Started by Edward, 21 February 2009, 03:52:27 PM

Previous topic - Next topic

0 Members and 3 Guests are viewing this topic.

ryu

Quote from: chingik on 12 July 2011, 01:22:24 PM
Yang namanya tahapan tentu saja harus keluar dari tahap a baru masuk ke tahap b.  Terus camkan dengan kata "berangsur-angsur" di atas, jika sravaka dianggap kekeliruan fatal, sdh tidak seharusnya doktrin Mahayana selalu menjelaskan bahwa beberapa Buddha muncul di dunia mengajar dengan sistem 3 kendaraan, beberapa Buddha dengan sistem 1 kendaraan tunggal (bodhisatvayana. Atau dgn kata lain, lebih baik Buddha tidak mengajar jalan sravaka sejak awal.
Jadi sravaka merupakan keniscayaan yg tidak bisa diabaikan dalam doktrin mahayana, hanya saja mereka akan dibimbing ke tahapan lanjutan bergantung pada bagaimana seorang Buddha melakukannya.   

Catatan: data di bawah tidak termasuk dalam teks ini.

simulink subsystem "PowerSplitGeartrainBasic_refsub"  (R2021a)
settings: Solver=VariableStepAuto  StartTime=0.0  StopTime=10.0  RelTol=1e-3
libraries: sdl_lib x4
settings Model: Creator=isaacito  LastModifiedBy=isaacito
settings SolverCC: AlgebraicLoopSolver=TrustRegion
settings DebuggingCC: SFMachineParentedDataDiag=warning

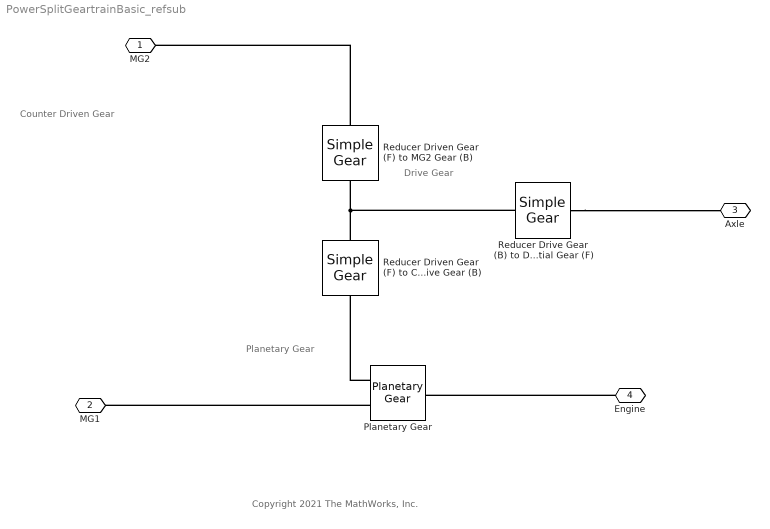
== system PowerSplitGeartrainBasic_refsub ==
  note: Copyright 2021 The MathWorks, Inc.
  note: Counter Driven Gear
  note: Drive Gear
  note: Planetary Gear
  Planetary Gear : sdl_lib/Gears/Planetary Gear  rs_ratio=powerSplit.planetary_ringToSunGearRatio  friction_model=sdl.enum.gear_friction.constant  mu_visc=powerSplit.planetary_frictions_Nm_per_rpm m*N/rpm  efficiency=powerSplit.planetary_efficiencies  temperature_TLU=[280, 300, 320] K  efficiency_sp_TLU=[.95, .9, .85]  efficiency_rp_TLU=[.95, .9, .85]  pwr_thr=smoothing.planetary_meshing_loss_thresholds_W W  thermal_mass=50 J/K  T_init=300 K  model_inertia=simscape.enum.onoff.on  planet_inertia=powerSplit.planetary_planetGearInertia_kg_m2 kg*m^2
      settings: SourceProductBaseCode=LD
  Reducer Drive Gear (B) to Differential Gear (F) : sdl_lib/Gears/Simple Gear  ratio=powerSplit.reducer_differentialGearRatio  rotation_direction=sdl.enum.shaftOutputDirection.opposite  friction_model=sdl.enum.gear_efficiencies_load.constant  mu_visc=powerSplit.reducer_friction_Nm_per_rpm N*m/(rad/s)  T_noload=0.1 N*m  T_nom=5 N*m  efficiency_nom=0.8  efficiency=powerSplit.reducer_efficiency  temperature_TLU=[280, 300, 320] K  load_TLU=[1, 5, 10] N*m  efficiency_TLU=[.95, .9, .85]  efficiency_TLU2=[.85, .8, .75; .95, .9, .85; .85, .8, .7]  w_thr=0.01 rad/s  pwr_thr=smoothing.gear_meshing_loss_threshold_W W  thermal_mass=50 J/K  enable_faults=simscape.enum.onoff.off  efficiency_fault=0.05  external_fault=simscape.enum.onoff.off  temporal_fault=simscape.enum.onoff.off  fault_time=5 s  fault_angles=pi / 12 rad  report_fault=simscape.enum.assert.action.none  temperature_specify=off  temperature_priority=High  temperature=300 K  temperature_nominal_specify=off  temperature_nominal_unit=K  temperature_nominal_value=1
  Reducer Driven Gear (F) to Counter Drive Gear (B) : sdl_lib/Gears/Simple Gear  ratio=powerSplit.reducer_counterDriveGearRatio  rotation_direction=sdl.enum.shaftOutputDirection.opposite  friction_model=sdl.enum.gear_efficiencies_load.constant  mu_visc=powerSplit.reducer_friction_Nm_per_rpm N*m/(rad/s)  T_noload=0.1 N*m  T_nom=5 N*m  efficiency_nom=0.8  efficiency=powerSplit.reducer_efficiency  temperature_TLU=[280, 300, 320] K  load_TLU=[1, 5, 10] N*m  efficiency_TLU=[.95, .9, .85]  efficiency_TLU2=[.85, .8, .75; .95, .9, .85; .85, .8, .7]  w_thr=0.01 rad/s  pwr_thr=smoothing.gear_meshing_loss_threshold_W W  thermal_mass=50 J/K  enable_faults=simscape.enum.onoff.off  efficiency_fault=0.05  external_fault=simscape.enum.onoff.off  temporal_fault=simscape.enum.onoff.off  fault_time=5 s  fault_angles=pi / 12 rad  report_fault=simscape.enum.assert.action.none  temperature_specify=off  temperature_priority=High  temperature=300 K  temperature_nominal_specify=off  temperature_nominal_unit=K  temperature_nominal_value=1
  Reducer Driven Gear (F) to MG2 Gear (B) : sdl_lib/Gears/Simple Gear  ratio=powerSplit.reducer_MG2GearRatio  rotation_direction=sdl.enum.shaftOutputDirection.opposite  friction_model=sdl.enum.gear_efficiencies_load.constant  mu_visc=powerSplit.reducer_friction_Nm_per_rpm m*N/rpm  T_noload=0.1 N*m  T_nom=5 N*m  efficiency_nom=0.8  efficiency=powerSplit.reducer_efficiency  temperature_TLU=[280, 300, 320] K  load_TLU=[1, 5, 10] N*m  efficiency_TLU=[.95, .9, .85]  efficiency_TLU2=[.85, .8, .75; .95, .9, .85; .85, .8, .7]  w_thr=0.01 rad/s  pwr_thr=smoothing.gear_meshing_loss_threshold_W W  thermal_mass=50 J/K  enable_faults=simscape.enum.onoff.off  efficiency_fault=0.05  external_fault=simscape.enum.onoff.off  temporal_fault=simscape.enum.onoff.off  fault_time=5 s  fault_angles=pi / 12 rad  report_fault=simscape.enum.assert.action.none  temperature_specify=off  temperature_priority=High  temperature=300 K  temperature_nominal_specify=off  temperature_nominal_unit=K  temperature_nominal_value=1
  MG2 : PMIOPort  Side=Left
  MG1 : PMIOPort  Port=2  Side=Left
  Axle : PMIOPort  Port=3  Side=Right
  Engine : PMIOPort  Port=4  Side=Right
  connections:
  Reducer Drive Gear (B) to Differential Gear (F)/RConn1 -- Reducer Driven Gear (F) to Counter Drive Gear (B)/RConn1 -- Reducer Driven Gear (F) to MG2 Gear (B)/RConn1
  Reducer Drive Gear (B) to Differential Gear (F)/LConn1 -- Axle/RConn1
  Planetary Gear/RConn1 -- Reducer Driven Gear (F) to Counter Drive Gear (B)/LConn1
  Engine/RConn1 -- Planetary Gear/LConn1
  Reducer Driven Gear (F) to MG2 Gear (B)/LConn1 -- MG2/RConn1
  Planetary Gear/RConn2 -- MG1/RConn1

Sravaka yang tidak melanjutkan memang dianggap keliru dalam konteks bahwa ada pengetahuan lanjutan yang terlalu sayang utk diabaikan.
Tetapi harap dicatat juga bahwa kekeliruan itu bukan dalam arti belajar jalan sravaka adalah kekeliruan fatal yg harus dihentikan sebelum memulai.Karena memang Buddha sendiri yang mengajarkannya.  Ini merupakan metode dari seorang Buddha dalam membimbing siswanya. 
Contohnya orang membangun rumah diawali dari fondasi, jika anda hanya bangun fondasi lalu tidak melanjutkan bangun kerangka hingga bangunan itu selesai, apa tidak dianggap keliru? Tetapi saat anda membangun fondasi , anda tidak pernah dianggap keliru, karena memang itu tahapannya.

yang di post kutu :
"Aku berikrar bahwa bila Aku mencapai Penerangan di masa yang akan datang, jika ada makhluk hidup yang menempuh jalan menyimpang. Aku akan membimbing mereka kembali ke jalan Penerangan.
Jika ada yang menjadi pengikut jalan Sravaka atau Pratyekabuddha, mereka akan berangsur-angsur dibimbing ke Jalan Mahayana."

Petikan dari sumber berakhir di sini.